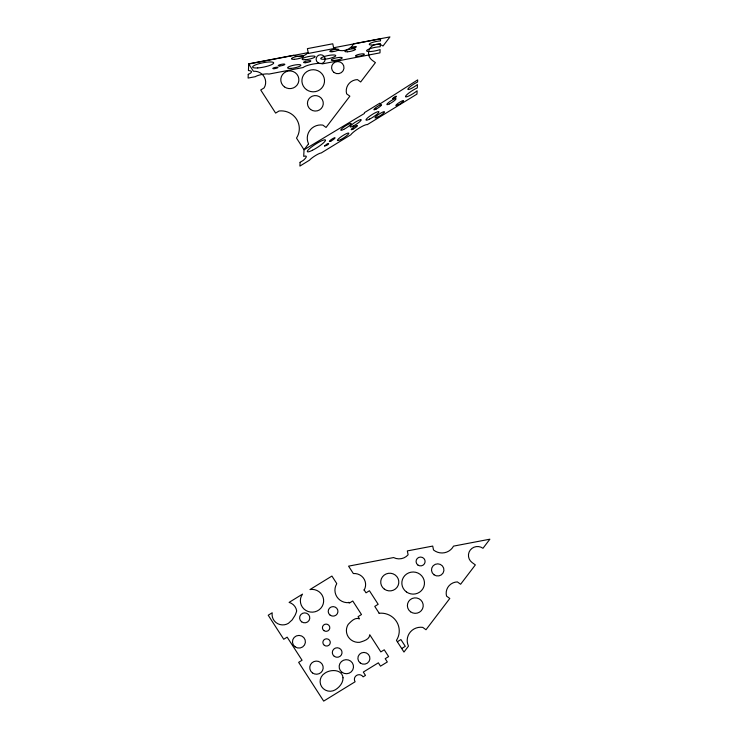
<?xml version="1.0" encoding="UTF-8"?>
<svg xmlns="http://www.w3.org/2000/svg" width="738" height="738" viewBox="0 0 738 738"><rect width="100%" height="100%" fill="white"/><g stroke="black" fill="none" stroke-linecap="round" stroke-linejoin="round"><path stroke-width="1.11" d="M397.505 641.663L400.909 639.56L405.282 646.34L401.869 648.434M364.083 589.846L366.02 592.835L369.424 590.741L378.17 604.293L374.756 606.387L378.991 612.955M336.694 583.463L331.916 576.064L309.978 589.551A11.651 11.384 3 0 1 323.613 601.811A11.651 11.384 3 0 1 307.967 611.442A11.651 11.384 3 0 1 302.534 594.127L289.093 602.393A10.655 10.415 3 0 1 296.685 610.953A27.195 26.577 3 0 1 294.877 615.649L292.156 619.911L288.42 623.315A10.655 10.415 3 0 1 272.211 612.771L268.217 615.224L283.733 639.256L287.156 637.152L302.063 660.252L298.65 662.346L323.678 701.1L355.107 681.774A4.732 4.631 3 0 1 356.583 675.399A4.732 4.631 3 0 1 363.114 676.857L365.476 675.399L363.317 672.069L378.354 662.825L380.504 666.165L387.321 661.968L385.199 658.683L388.612 656.589L384.24 649.809L380.836 651.912L369.738 634.708C369.6 639.578 363.493 641.082 359.701 642.318A12.048 11.771 3 0 1 348.17 624.431C350.974 621.553 355.079 616.894 359.526 618.878L358.087 616.636L361.5 614.542L352.755 600.99L349.351 603.094L348.816 602.263M378.972 613.287A18.109 17.694 3 0 1 396.435 640.372L403.972 652.051L408.483 646.128A13.579 13.275 3 0 1 422.754 627.383L425.992 629.735L449.793 598.472L446.555 596.12A11.596 11.338 3 0 1 457.375 581.904L460.613 584.256L475.346 564.911L472.108 562.55A9.105 8.902 3 0 1 470.235 550.096A9.105 8.902 3 0 1 482.975 548.288L489.894 539.192L453.529 546.129A13.081 12.786 3 0 1 433.501 549.948L432.717 546.074L407.339 550.917L408.114 554.791A11.891 11.623 3 0 1 393.585 557.559L348.567 566.147L353.345 573.546A11.319 11.061 3 0 1 364.074 590.179M348.797 602.642A12.795 12.5 3 0 1 336.676 583.841M343.022 677.798C343.161 682.881 339.489 687.216 335.384 689.772A9.963 9.732 3 0 1 321.639 686.7A9.963 9.732 3 0 1 324.748 673.277C330.347 669.117 342.164 669.062 343.022 677.798M248.263 74.344L248.106 78.062L255.32 76.687A7.528 1.531 -11.4 0 1 262.147 74.427A7.528 1.531 -11.4 0 1 268.9 74.086L303.207 67.527A10.037 2.039 -11.4 0 1 312.847 64.095A10.037 2.039 -11.4 0 1 322.349 63.874L379.969 52.859L380.107 49.566A8.561 1.744 -11.4 0 1 368.732 51.559A8.561 1.744 -11.4 0 1 368.834 49.123A8.561 1.744 -11.4 0 1 380.227 46.762L380.374 43.431A7.288 1.485 -11.4 0 1 370.965 44.99A7.288 1.485 -11.4 0 1 371.057 42.97A7.288 1.485 -11.4 0 1 380.476 40.922L380.568 38.8L333.641 47.767L333.613 48.616L308.226 53.468L308.263 52.619L248.706 64.003L248.429 70.544A14.465 2.943 -11.4 0 1 248.263 74.344M300.098 162.323L299.905 166.078L309.536 160.164A7.528 1.301 -32.8 0 1 315.43 155.598A7.528 1.301 -32.8 0 1 321.233 152.969L350.808 134.786A10.037 1.744 -32.8 0 1 359.138 128.089A10.037 1.744 -32.8 0 1 367.303 124.639L416.961 94.104L417.136 90.783A8.561 1.485 -32.8 0 1 407.33 96.623A8.561 1.485 -32.8 0 1 407.459 94.16A8.561 1.485 -32.8 0 1 417.274 87.942L417.45 84.575A7.288 1.264 -32.8 0 1 409.341 89.316A7.288 1.264 -32.8 0 1 409.452 87.268A7.288 1.264 -32.8 0 1 417.579 82.038L417.68 79.888L379.719 104.058L379.766 103.2L364.424 112.637L364.378 113.486L304.038 149.768L303.705 156.382A14.465 2.509 -32.8 0 1 303.512 160.22L300.098 162.323M324.637 145.986C330.163 144.888 329.886 140.82 324.637 145.986M392.551 98.634C397.828 97.545 397.561 93.735 392.551 98.634M308.549 143.836L304.038 149.768L296.501 138.08A18.109 17.694 3 0 0 279.038 110.995L275.625 113.089L260.726 89.99L264.13 87.896A11.319 11.061 3 0 0 253.411 71.263L248.632 63.855L293.65 55.267A11.891 11.623 3 0 0 308.18 52.499L307.395 48.634L332.783 43.791L333.567 47.656A13.081 12.786 3 0 0 353.594 43.837L389.959 36.9L383.031 45.996A9.105 8.902 3 0 0 370.291 47.804A9.105 8.902 3 0 0 372.173 60.258L375.411 62.619L360.679 81.973L357.441 79.612A11.596 11.338 3 0 0 346.62 93.827L349.858 96.18L326.058 127.453L322.82 125.091A13.579 13.275 3 0 0 308.549 143.836M317.94 62.73A4.529 4.428 3 0 0 325.144 59.723A4.529 4.428 3 0 0 318.871 55.119A4.529 4.428 3 0 0 317.94 62.73M284.407 86.844A9.05 8.847 3 0 0 298.816 80.848A9.05 8.847 3 0 0 286.261 71.632A9.05 8.847 3 0 0 284.407 86.844M310.624 109.51A7.924 7.74 3 0 0 323.235 104.252A7.924 7.74 3 0 0 312.248 96.198A7.924 7.74 3 0 0 310.624 109.51M334.056 72.49A6.227 6.079 3 0 0 343.963 68.357A6.227 6.079 3 0 0 335.329 62.029A6.227 6.079 3 0 0 334.056 72.49M306.436 89.612A11.319 11.061 3 0 0 324.452 82.112A11.319 11.061 3 0 0 308.761 70.599A11.319 11.061 3 0 0 306.436 89.612M333.963 60.488A5.609 1.144 -11.4 0 0 342.266 57.896A5.609 1.144 -11.4 0 0 334.056 58.45A5.609 1.144 -11.4 0 0 333.963 60.488M331.971 51.715A4.576 0.932 -11.4 0 0 338.742 49.594A4.576 0.932 -11.4 0 0 332.045 50.055A4.576 0.932 -11.4 0 0 331.971 51.715M305.366 62.702A3.69 0.747 -11.4 0 0 310.827 60.996A3.69 0.747 -11.4 0 0 305.431 61.365A3.69 0.747 -11.4 0 0 305.366 62.702M274.029 68.689A2.657 0.544 -11.4 0 0 277.958 67.462A2.657 0.544 -11.4 0 0 274.066 67.73A2.657 0.544 -11.4 0 0 274.029 68.689M357.616 56.356A4.576 0.932 -11.4 0 0 364.387 54.243A4.576 0.932 -11.4 0 0 357.69 54.704A4.576 0.932 -11.4 0 0 357.616 56.356M279.813 65.94A3.395 0.692 -11.4 0 0 284.84 64.372A3.395 0.692 -11.4 0 0 279.868 64.713A3.395 0.692 -11.4 0 0 279.813 65.94M290.837 68.394A6.79 1.384 -11.4 0 0 300.883 65.248A6.79 1.384 -11.4 0 0 290.947 65.931A6.79 1.384 -11.4 0 0 290.837 68.394M294.388 59.308A6.199 1.264 -11.4 0 0 303.558 56.448A6.199 1.264 -11.4 0 0 294.48 57.066A6.199 1.264 -11.4 0 0 294.388 59.308M257.756 67.933A10.775 2.196 -11.4 0 0 273.697 62.951A10.775 2.196 -11.4 0 0 257.931 64.031A10.775 2.196 -11.4 0 0 257.756 67.933M305.357 59.713A6.642 1.347 -11.4 0 0 315.181 56.642A6.642 1.347 -11.4 0 0 305.458 57.306A6.642 1.347 -11.4 0 0 305.357 59.713M347.478 51.78A5.461 1.107 -11.4 0 0 355.559 49.261A5.461 1.107 -11.4 0 0 347.561 49.806A5.461 1.107 -11.4 0 0 347.478 51.78M352.672 47.97A2.509 0.507 -11.4 0 0 356.38 46.808A2.509 0.507 -11.4 0 0 352.709 47.057A2.509 0.507 -11.4 0 0 352.672 47.97M324.397 59.224A7.675 1.559 -11.4 0 0 335.753 55.673A7.675 1.559 -11.4 0 0 324.517 56.448A7.675 1.559 -11.4 0 0 324.397 59.224M369.646 119.058A7.675 1.328 -32.8 0 0 378.917 111.789A7.675 1.328 -32.8 0 0 368.779 116.881A7.675 1.328 -32.8 0 0 369.646 119.058M389.433 103.883A5.461 0.95 -32.8 0 0 396.029 98.707A5.461 0.95 -32.8 0 0 388.815 102.333A5.461 0.95 -32.8 0 0 389.433 103.883M353.207 126.041A6.642 1.153 -32.8 0 0 361.233 119.75A6.642 1.153 -32.8 0 0 352.46 124.159A6.642 1.153 -32.8 0 0 353.207 126.041M312.478 150.248A10.775 1.863 -32.8 0 0 325.495 140.045A10.775 1.863 -32.8 0 0 311.261 147.194A10.775 1.863 -32.8 0 0 312.478 150.248M343.76 129.381A6.199 1.07 -32.8 0 0 351.251 123.504A6.199 1.07 -32.8 0 0 343.059 127.619A6.199 1.07 -32.8 0 0 343.76 129.381M340.624 139.62A6.79 1.181 -32.8 0 0 348.825 133.191A6.79 1.181 -32.8 0 0 339.858 137.692A6.79 1.181 -32.8 0 0 340.624 139.62M330.965 141.023A3.395 0.59 -32.8 0 0 335.061 137.812A3.395 0.59 -32.8 0 0 330.578 140.063A3.395 0.59 -32.8 0 0 330.965 141.023M398.022 105.036A4.576 0.793 -32.8 0 0 403.548 100.7A4.576 0.793 -32.8 0 0 397.505 103.735A4.576 0.793 -32.8 0 0 398.022 105.036M352.985 129.113A3.69 0.637 -32.8 0 0 357.441 125.617A3.69 0.637 -32.8 0 0 352.561 128.061A3.69 0.637 -32.8 0 0 352.985 129.113M376.057 109.104A4.576 0.793 -32.8 0 0 381.583 104.768A4.576 0.793 -32.8 0 0 375.541 107.803A4.576 0.793 -32.8 0 0 376.057 109.104M377.708 117.139A5.609 0.969 -32.8 0 0 384.489 111.825A5.609 0.969 -32.8 0 0 377.081 115.543A5.609 0.969 -32.8 0 0 377.708 117.139M406.38 591.904A11.319 11.061 3 0 0 424.396 584.395A11.319 11.061 3 0 0 408.695 572.882A11.319 11.061 3 0 0 406.38 591.904M433.99 574.773A6.227 6.079 3 0 0 443.898 570.649A6.227 6.079 3 0 0 435.263 564.321A6.227 6.079 3 0 0 433.99 574.773M410.559 611.793A7.924 7.74 3 0 0 423.169 606.544A7.924 7.74 3 0 0 412.182 598.481A7.924 7.74 3 0 0 410.559 611.793M384.341 589.136A9.05 8.847 3 0 0 398.751 583.131A9.05 8.847 3 0 0 386.205 573.924A9.05 8.847 3 0 0 384.341 589.136M417.874 565.013A4.529 4.428 3 0 0 425.079 562.015A4.529 4.428 3 0 0 418.806 557.411A4.529 4.428 3 0 0 417.874 565.013M312.442 672.908A6.716 6.568 3 0 0 323.143 668.453A6.716 6.568 3 0 0 313.825 661.617A6.716 6.568 3 0 0 312.442 672.908M295.052 646.811A6.485 6.338 3 0 0 305.375 642.512A6.485 6.338 3 0 0 296.381 635.916A6.485 6.338 3 0 0 295.052 646.811M330.163 615.178A4.862 4.751 3 0 0 337.912 611.959A4.862 4.751 3 0 0 331.159 607.005A4.862 4.751 3 0 0 330.163 615.178M342.026 672.318A7.177 7.02 3 0 0 353.456 667.549A7.177 7.02 3 0 0 343.502 660.242A7.177 7.02 3 0 0 342.026 672.318M334.259 656.313A4.862 4.751 3 0 0 342.008 653.093A4.862 4.751 3 0 0 335.264 648.139A4.862 4.751 3 0 0 334.259 656.313M323.89 630.612A3.708 3.625 3 0 0 329.785 628.158A3.708 3.625 3 0 0 324.646 624.385A3.708 3.625 3 0 0 323.89 630.612M360.282 663.019A6.024 5.886 3 0 0 369.876 659.025A6.024 5.886 3 0 0 361.519 652.899A6.024 5.886 3 0 0 360.282 663.019M324.351 645.326A3.708 3.625 3 0 0 330.255 642.872A3.708 3.625 3 0 0 325.107 639.099A3.708 3.625 3 0 0 324.351 645.326M301.648 621.83A5.092 4.982 3 0 0 309.757 618.453A5.092 4.982 3 0 0 302.691 613.269A5.092 4.982 3 0 0 301.648 621.83"/></g></svg>
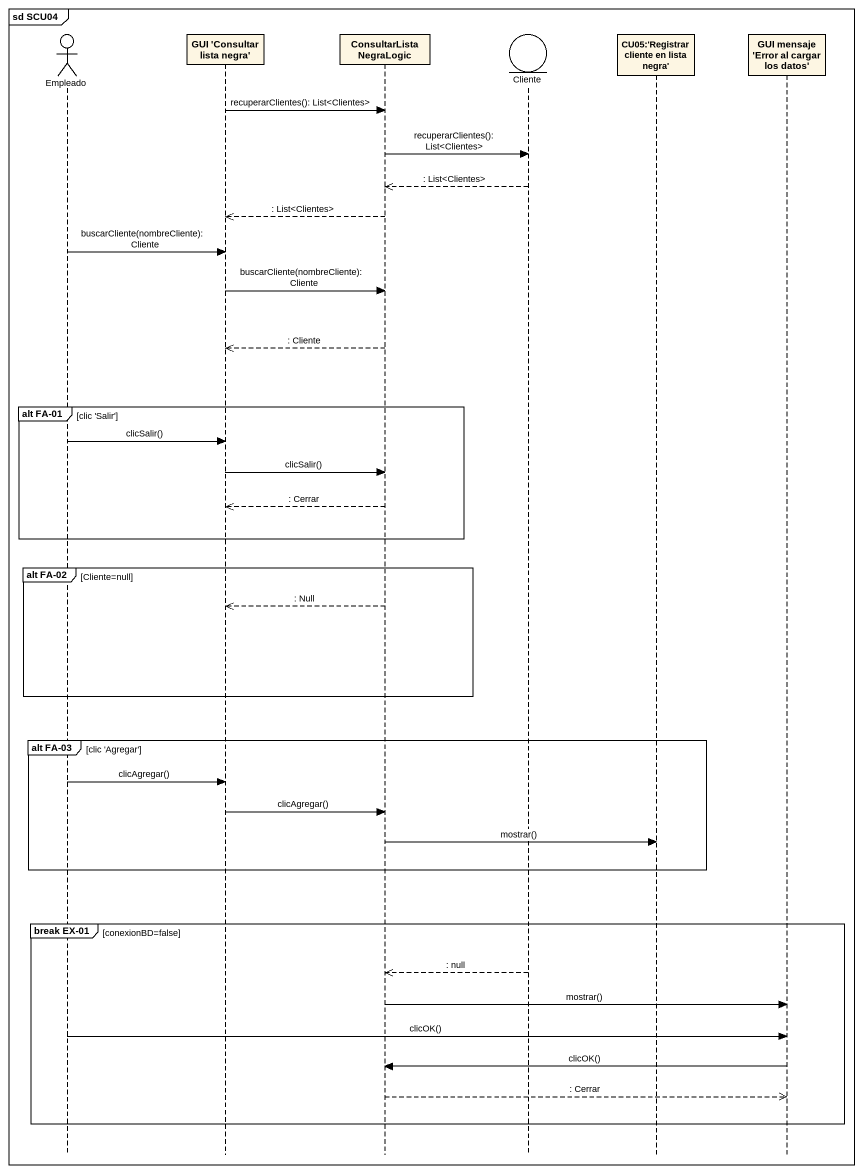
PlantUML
@startuml
mainframe sd SCU04
hide footbox
actor Empleado
participant "GUI 'Consultar lista negra'" as GUI_Consultar_lista_negra
participant ConsultarListaNegraLogic
entity Cliente
participant "CU05:'Registrar cliente en lista negra'" as CU05_Registrar_cliente_en
participant "GUI mensaje 'Error al cargar los datos'" as GUI_mensaje_Error_al_cargar

GUI_Consultar_lista_negra -> ConsultarListaNegraLogic : recuperarClientes(): List<Clientes>
ConsultarListaNegraLogic -> Cliente : recuperarClientes(): List<Clientes>
Cliente -->> ConsultarListaNegraLogic : : List<Clientes>
ConsultarListaNegraLogic -->> GUI_Consultar_lista_negra : : List<Clientes>
Empleado -> GUI_Consultar_lista_negra : buscarCliente(nombreCliente): Cliente
GUI_Consultar_lista_negra -> ConsultarListaNegraLogic : buscarCliente(nombreCliente): Cliente
ConsultarListaNegraLogic -->> GUI_Consultar_lista_negra : : Cliente
group alt FA-01 [clic 'Salir']
  Empleado -> GUI_Consultar_lista_negra : clicSalir()
  GUI_Consultar_lista_negra -> ConsultarListaNegraLogic : clicSalir()
  ConsultarListaNegraLogic -->> GUI_Consultar_lista_negra : : Cerrar
end
group alt FA-02 [Cliente=null]
  ConsultarListaNegraLogic -->> GUI_Consultar_lista_negra : : Null
end
group alt FA-03 [clic 'Agregar']
  Empleado -> GUI_Consultar_lista_negra : clicAgregar()
  GUI_Consultar_lista_negra -> ConsultarListaNegraLogic : clicAgregar()
  ConsultarListaNegraLogic -> CU05_Registrar_cliente_en : mostrar()
end
group break EX-01 [conexionBD=false]
  Cliente -->> ConsultarListaNegraLogic : : null
  ConsultarListaNegraLogic -> GUI_mensaje_Error_al_cargar : mostrar()
  Empleado -> GUI_mensaje_Error_al_cargar : clicOK()
  GUI_mensaje_Error_al_cargar -> ConsultarListaNegraLogic : clicOK()
  ConsultarListaNegraLogic -->> GUI_mensaje_Error_al_cargar : : Cerrar
end
@enduml

-- TASK DIRECTIONS --
Your task is to reproduce, exactly and exclusively, the lines from the one holding "group alt FA-01 [clic 'Salir']" through the final line of the listing.

-- ANSWER BELOW --
group alt FA-01 [clic 'Salir']
  Empleado -> GUI_Consultar_lista_negra : clicSalir()
  GUI_Consultar_lista_negra -> ConsultarListaNegraLogic : clicSalir()
  ConsultarListaNegraLogic -->> GUI_Consultar_lista_negra : : Cerrar
end
group alt FA-02 [Cliente=null]
  ConsultarListaNegraLogic -->> GUI_Consultar_lista_negra : : Null
end
group alt FA-03 [clic 'Agregar']
  Empleado -> GUI_Consultar_lista_negra : clicAgregar()
  GUI_Consultar_lista_negra -> ConsultarListaNegraLogic : clicAgregar()
  ConsultarListaNegraLogic -> CU05_Registrar_cliente_en : mostrar()
end
group break EX-01 [conexionBD=false]
  Cliente -->> ConsultarListaNegraLogic : : null
  ConsultarListaNegraLogic -> GUI_mensaje_Error_al_cargar : mostrar()
  Empleado -> GUI_mensaje_Error_al_cargar : clicOK()
  GUI_mensaje_Error_al_cargar -> ConsultarListaNegraLogic : clicOK()
  ConsultarListaNegraLogic -->> GUI_mensaje_Error_al_cargar : : Cerrar
end
@enduml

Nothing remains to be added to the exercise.